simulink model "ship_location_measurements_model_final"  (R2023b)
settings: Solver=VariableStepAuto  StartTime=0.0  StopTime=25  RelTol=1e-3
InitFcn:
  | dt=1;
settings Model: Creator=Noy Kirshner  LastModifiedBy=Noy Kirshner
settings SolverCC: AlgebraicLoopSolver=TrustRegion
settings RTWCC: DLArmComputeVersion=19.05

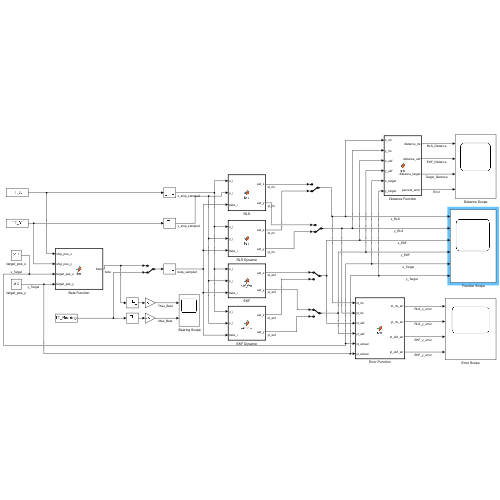
[thumbnail: Simulink's stored preview of the top-level diagram]
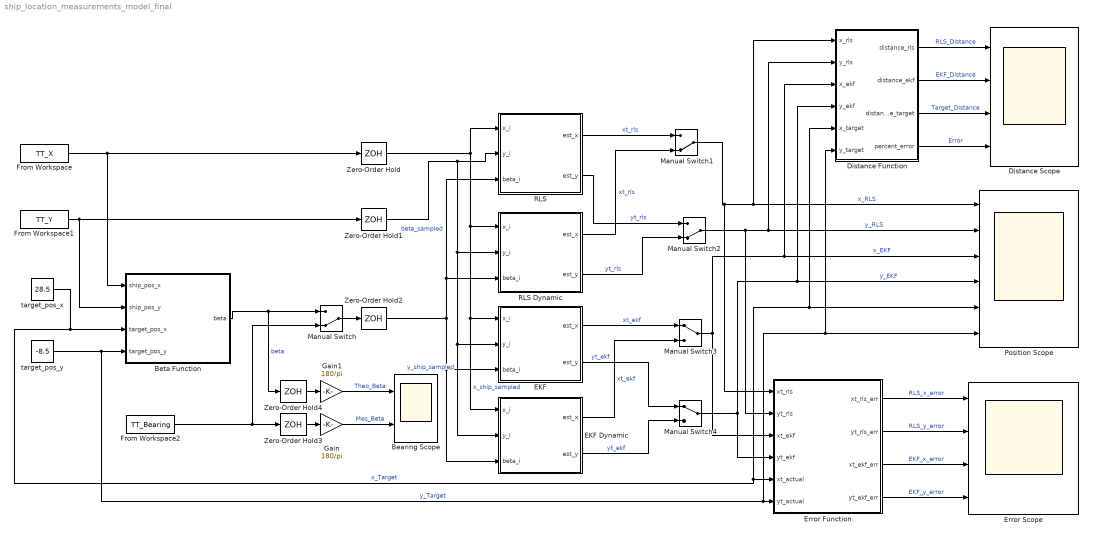
== system ship_location_measurements_model_final ==
  " Bearing Scope" : Scope  NumInputPorts=2
  " Position Scope" : Scope  NumInputPorts=6
  Beta Function : MATLAB Function  TreatAsAtomicUnit=on
  Distance Function : MATLAB Function  TreatAsAtomicUnit=on
  Distance Scope : Scope  NumInputPorts=4
  EKF : MATLAB Function  TreatAsAtomicUnit=on
  EKF Dynamic : MATLAB Function  TreatAsAtomicUnit=on
  Error Function : MATLAB Function  TreatAsAtomicUnit=on
  Error Scope : Scope  NumInputPorts=4
  From Workspace : FromWorkspace  VariableName=TT_X
  From Workspace1 : FromWorkspace  VariableName=TT_Y
  From Workspace2 : FromWorkspace  VariableName=TT_Bearing
  Gain : Gain  Gain=180/pi
  Gain1 : Gain  Gain=180/pi
  Manual Switch : ManualSwitch  CurrentSetting=0
  Manual Switch1 : ManualSwitch  CurrentSetting=0
  Manual Switch2 : ManualSwitch  CurrentSetting=0
  Manual Switch3 : ManualSwitch
  Manual Switch4 : ManualSwitch
  RLS : MATLAB Function  TreatAsAtomicUnit=on
  RLS Dynamic : MATLAB Function  TreatAsAtomicUnit=on
  Zero-Order Hold{,1..4} (5 alike) : ZeroOrderHold  SampleTime=dt
  target_pos_x : Constant  Value=28.5
  target_pos_y : Constant  Value=-8.5
  wires:
  target_pos_y/1 -> " Position Scope"/6, Distance Function/6(y_target), Error Function/6(yt_actual), Beta Function/4(target_pos_y)  "y_Target"
  target_pos_x/1 -> Distance Function/5(x_target), " Position Scope"/5, Error Function/5(xt_actual), Beta Function/3(target_pos_x)  "x_Target"
  Error Function/2(yt_rls_err) -> Error Scope/2  "RLS_y_error"
  Error Function/1(xt_rls_err) -> Error Scope/1  "RLS_x_error"
  Error Function/3(xt_ekf_err) -> Error Scope/3  "EKF_x_error"
  Error Function/4(yt_ekf_err) -> Error Scope/4  "EKF_y_error"
  Zero-Order Hold/1 -> EKF Dynamic/1(x_i), EKF/1(x_i), RLS Dynamic/1(x_i), RLS/1(x_i)  "x_ship_sampled"
  Zero-Order Hold1/1 -> EKF Dynamic/2(y_i), EKF/2(y_i), RLS Dynamic/2(y_i), RLS/2(y_i)  "y_ship_sampled"
  Zero-Order Hold2/1 -> EKF Dynamic/3(beta_i), EKF/3(beta_i), RLS Dynamic/3(beta_i), RLS/3(beta_i)  "beta_sampled"
  Manual Switch/1 -> Zero-Order Hold2/1
  From Workspace2/1 -> Manual Switch/2, Zero-Order Hold3/1
  Beta Function/1(beta) -> Zero-Order Hold4/1, Manual Switch/1  "beta"
  From Workspace1/1 -> Beta Function/2(ship_pos_y), Zero-Order Hold1/1
  From Workspace/1 -> Beta Function/1(ship_pos_x), Zero-Order Hold/1
  RLS/1(est_x) -> Manual Switch1/1  "xt_rls"
  RLS/2(est_y) -> Manual Switch2/1  "yt_rls"
  RLS Dynamic/1(est_x) -> Manual Switch1/2  "xt_rls"
  RLS Dynamic/2(est_y) -> Manual Switch2/2  "yt_rls"
  EKF/1(est_x) -> Manual Switch3/1  "xt_ekf"
  EKF Dynamic/1(est_x) -> Manual Switch3/2  "xt_ekf"
  EKF Dynamic/2(est_y) -> Manual Switch4/2  "yt_ekf"
  EKF/2(est_y) -> Manual Switch4/1  "yt_ekf"
  Manual Switch1/1 -> Error Function/1(xt_rls), Distance Function/1(x_rls), " Position Scope"/1  "x_RLS"
  Manual Switch2/1 -> Error Function/2(yt_rls), Distance Function/2(y_rls), " Position Scope"/2  "y_RLS"
  Manual Switch3/1 -> Distance Function/3(x_ekf), " Position Scope"/3, Error Function/3(xt_ekf)  "x_EKF"
  Manual Switch4/1 -> Error Function/4(yt_ekf), Distance Function/4(y_ekf), " Position Scope"/4  "y_EKF"
  Zero-Order Hold3/1 -> Gain/1
  Gain/1 -> " Bearing Scope"/2  "Mes_Beta"
  Gain1/1 -> " Bearing Scope"/1  "Theo_Beta"
  Zero-Order Hold4/1 -> Gain1/1
  Distance Function/1(distance_rls) -> Distance Scope/1  "RLS_Distance"
  Distance Function/2(distance_ekf) -> Distance Scope/2  "EKF_Distance"
  Distance Function/3(distance_target) -> Distance Scope/3  "Target_Distance"
  Distance Function/4(percent_error) -> Distance Scope/4  "Error"

== matlab function ship_location_measurements_model_final/Beta Function ==
  data: ship_pos_x input; beta output; ship_pos_y input; target_pos_x input; target_pos_y input
function beta = fcn(ship_pos_x,ship_pos_y,target_pos_x,target_pos_y)

dx = target_pos_x - ship_pos_x;
dy = target_pos_y - ship_pos_y;

beta = atan2(dy,dx);

== matlab function ship_location_measurements_model_final/RLS Dynamic ==
  data: x_i input; est_x output; y_i input; beta_i input; est_y output
function [est_x, est_y] = fcn(x_i, y_i, beta_i)

persistent P X_i lambda lambda_o

if isempty(P)
    P = eye(2);  % Covariance matrix initialization
    lambda_o = 0.8;
    lambda = 0.5;
end

if isempty(X_i)
    X_i = zeros(2, 1);  % X vector initialization as a zero vector
end


phi_i = [-sin(beta_i); cos(beta_i)]; % Update phi vector
z_i = y_i * cos(beta_i) - x_i * sin(beta_i); % z_i 
e = z_i - phi_i' * X_i; % update error vector
X_i = X_i + P * phi_i / (lambda + phi_i' * P * phi_i) * e; % Update X vector

g_k = P * phi_i / (lambda + phi_i' * P * phi_i); % Weight vector
P = (1 / lambda)* (P - g_k * phi_i' * P); % Covariance matrix update with forgetting factor
lambda = lambda_o*lambda + (1 -lambda_o);

% Update estimated position
est_x = X_i(1);
est_y = X_i(2);

end

== matlab function ship_location_measurements_model_final/RLS ==
  data: x_i input; est_x output; y_i input; beta_i input; est_y output
function [est_x, est_y] = fcn(x_i, y_i, beta_i)

persistent P X_i
gamma=0.55;
if isempty(P)
    P = eye(2);  % Covariance matrix initialization
end

if isempty(X_i)
    X_i = zeros(2, 1);  % X vector initialization as a zero vector
end

phi_i = [-sin(beta_i); cos(beta_i)]; % Update phi vector
z_i = y_i * cos(beta_i) - x_i * sin(beta_i); % z_i 
e = z_i - phi_i' * X_i; % update error vector
X_i = X_i + P * phi_i / (gamma + phi_i' * P * phi_i) * e; % Update X vector

g_k = P * phi_i / (1 + phi_i' * P * phi_i); % Weight vector
P = P - g_k * phi_i' * P; % Covariance matrix update

% Update estimated position
est_x = X_i(1);
est_y = X_i(2);

end

== matlab function ship_location_measurements_model_final/Error Function ==
  data: xt_rls input; xt_rls_err output; yt_rls input; xt_ekf input; yt_ekf input; xt_actual input; yt_actual input; yt_rls_err output; xt_ekf_err output; yt_ekf_err output
function [xt_rls_err,yt_rls_err,xt_ekf_err,yt_ekf_err] = fcn(xt_rls,yt_rls,xt_ekf,yt_ekf,xt_actual,yt_actual)

% RLS error values:
xt_rls_err = ((xt_rls - xt_actual)/xt_actual)*100;
yt_rls_err = ((yt_rls - yt_actual)/yt_actual)*100;

% EKF error values:
xt_ekf_err = ((xt_ekf - xt_actual)/xt_actual)*100;
yt_ekf_err = ((yt_ekf - yt_actual)/yt_actual)*100;

== matlab function ship_location_measurements_model_final/EKF ==
  data: x_i input; est_x output; y_i input; beta_i input; est_y output
function [est_x, est_y] = ekf_fcn(x_i, y_i, beta_i)

persistent X_i P Q R

if isempty(P)
    P = 1000000*eye(6); % Covariance matrix initialization (6x6)
    Q = 100*diag([0.01, 0.01, 1, 0.01, 1, 0.01]); % Process noise covariance initialization (6x6)
    R = 0.01*diag([1, 1, 100000]); % Measurement noise covariance initialization (3x3)
end

if isempty(X_i)
    X_i = zeros(6, 1); % State vector initialization (6x1)
end

dt = 1; % Sample time variable
F = [1 0 0 0 0 0 ; 0 1 0 0 0 0 ; 0 0 1 dt 0 0 ; 0 0 0 1 0 0 ; 0 0 0 0 1 dt ; 0 0 0 0 0 1]; % Process Jacobian (6x6)
H = [0 0 1 0 0 0 ; 0 0 0 0 1 0 ; sin(beta_i) -cos(beta_i) -sin(beta_i) 0 cos(beta_i) 0]; % Measurement Jacobian (3x6)

% Prediction Step
X_i = F*X_i; % Process Model
meas = [x_i ; y_i ; 0]; % Measurements
y_hat = H*X_i; % Measurement Model
P = F*P*F' + Q; % Covariance matrix

% Update Step
resid = meas - y_hat; % Measurement residual
K = P*H'/(H*P*H' + R); % Kalman gain
X_i = X_i + K*resid; % State vector update
P = (eye(6) - K*H)*P; % Covariance matrix update

% Output estimated position
est_x = X_i(1); % x_t estimation
est_y = X_i(2); % y_t estimation

end

== matlab function ship_location_measurements_model_final/EKF Dynamic ==
  data: x_i input; est_x output; y_i input; beta_i input; est_y output
function [est_x, est_y] = ekf_fcn(x_i, y_i, beta_i)

persistent X_i P Q R

if isempty(P)
    P = 1000000000*eye(8); % Covariance matrix initialization (8x8)
    Q = 10000*diag([1, 0.01, 1, 0.01, 1, 0.01, 1, 0.01]); % Process noise covariance initialization (8x8)
    R = diag([10, 10, 40000000]); % Measurement noise covariance initialization (3x3)
end
 
if isempty(X_i)
    X_i = zeros(8, 1); % State vector initialization (8x1)
end

dt = 0.001; % Sample time variable
F = [1 dt 0 0 0 0 0 0 ; 0 1 0 0 0 0 0 0 ; 0 0 1 dt 0 0 0 0 ; 0 0 0 1 0 0 0 0 ; 0 0 0 0 1 dt 0 0 ; 0 0 0 0 0 1 0 0 ; 0 0 0 0 0 0 1 dt ; 0 0 0 0 0 0 0 1]; % Process Jacobian (8x8)
H = [0 0 0 0 1 0 0 0 ; 0 0 0 0 0 0 1 0 ; sin(beta_i) 0 -cos(beta_i) 0 -sin(beta_i) 0 cos(beta_i) 0]; % Measurement Jacobian (3x8)

% Prediction Step
X_i = F*X_i; % Process Model
meas = [x_i ; y_i ; 0]; % Measurements
y_hat = H*X_i; % Measurement Model
P = F*P*F' + Q; % Covariance matrix

% Update Step
resid = meas - y_hat; % Measurement residual
K = P*H'/(H*P*H' + R); % Kalman gain
X_i = X_i + K*resid; % State vector update
P = (eye(8) - K*H)*P; % Covariance matrix update

% Output estimated position
est_x = X_i(1); % x_t estimation
est_y = X_i(3); % y_t estimation

end

== matlab function ship_location_measurements_model_final/Distance Function ==
  data: x_rls input; distance_rls output; y_rls input; x_ekf input; y_ekf input; distance_ekf output; x_target input; y_target input; distance_target output; percent_error output
function [distance_rls,distance_ekf,distance_target,percent_error]= fcn(x_rls,y_rls,x_ekf,y_ekf,x_target,y_target)

distance_rls = sqrt(x_rls^2 + y_rls^2);
distance_ekf = sqrt(x_ekf^2 + y_ekf^2);
distance_target = sqrt(x_target^2 + y_target^2);
percent_error = 0.9*distance_target;

[Instructions to follow]: Copy out, exactly and alone, the lines of the entries above between the ones holding "Zero-Order Hold2/1 ->" and "From Workspace2/1 ->", inclusive.

[The answer]:
  Zero-Order Hold2/1 -> EKF Dynamic/3(beta_i), EKF/3(beta_i), RLS Dynamic/3(beta_i), RLS/3(beta_i)  "beta_sampled"
  Manual Switch/1 -> Zero-Order Hold2/1
  From Workspace2/1 -> Manual Switch/2, Zero-Order Hold3/1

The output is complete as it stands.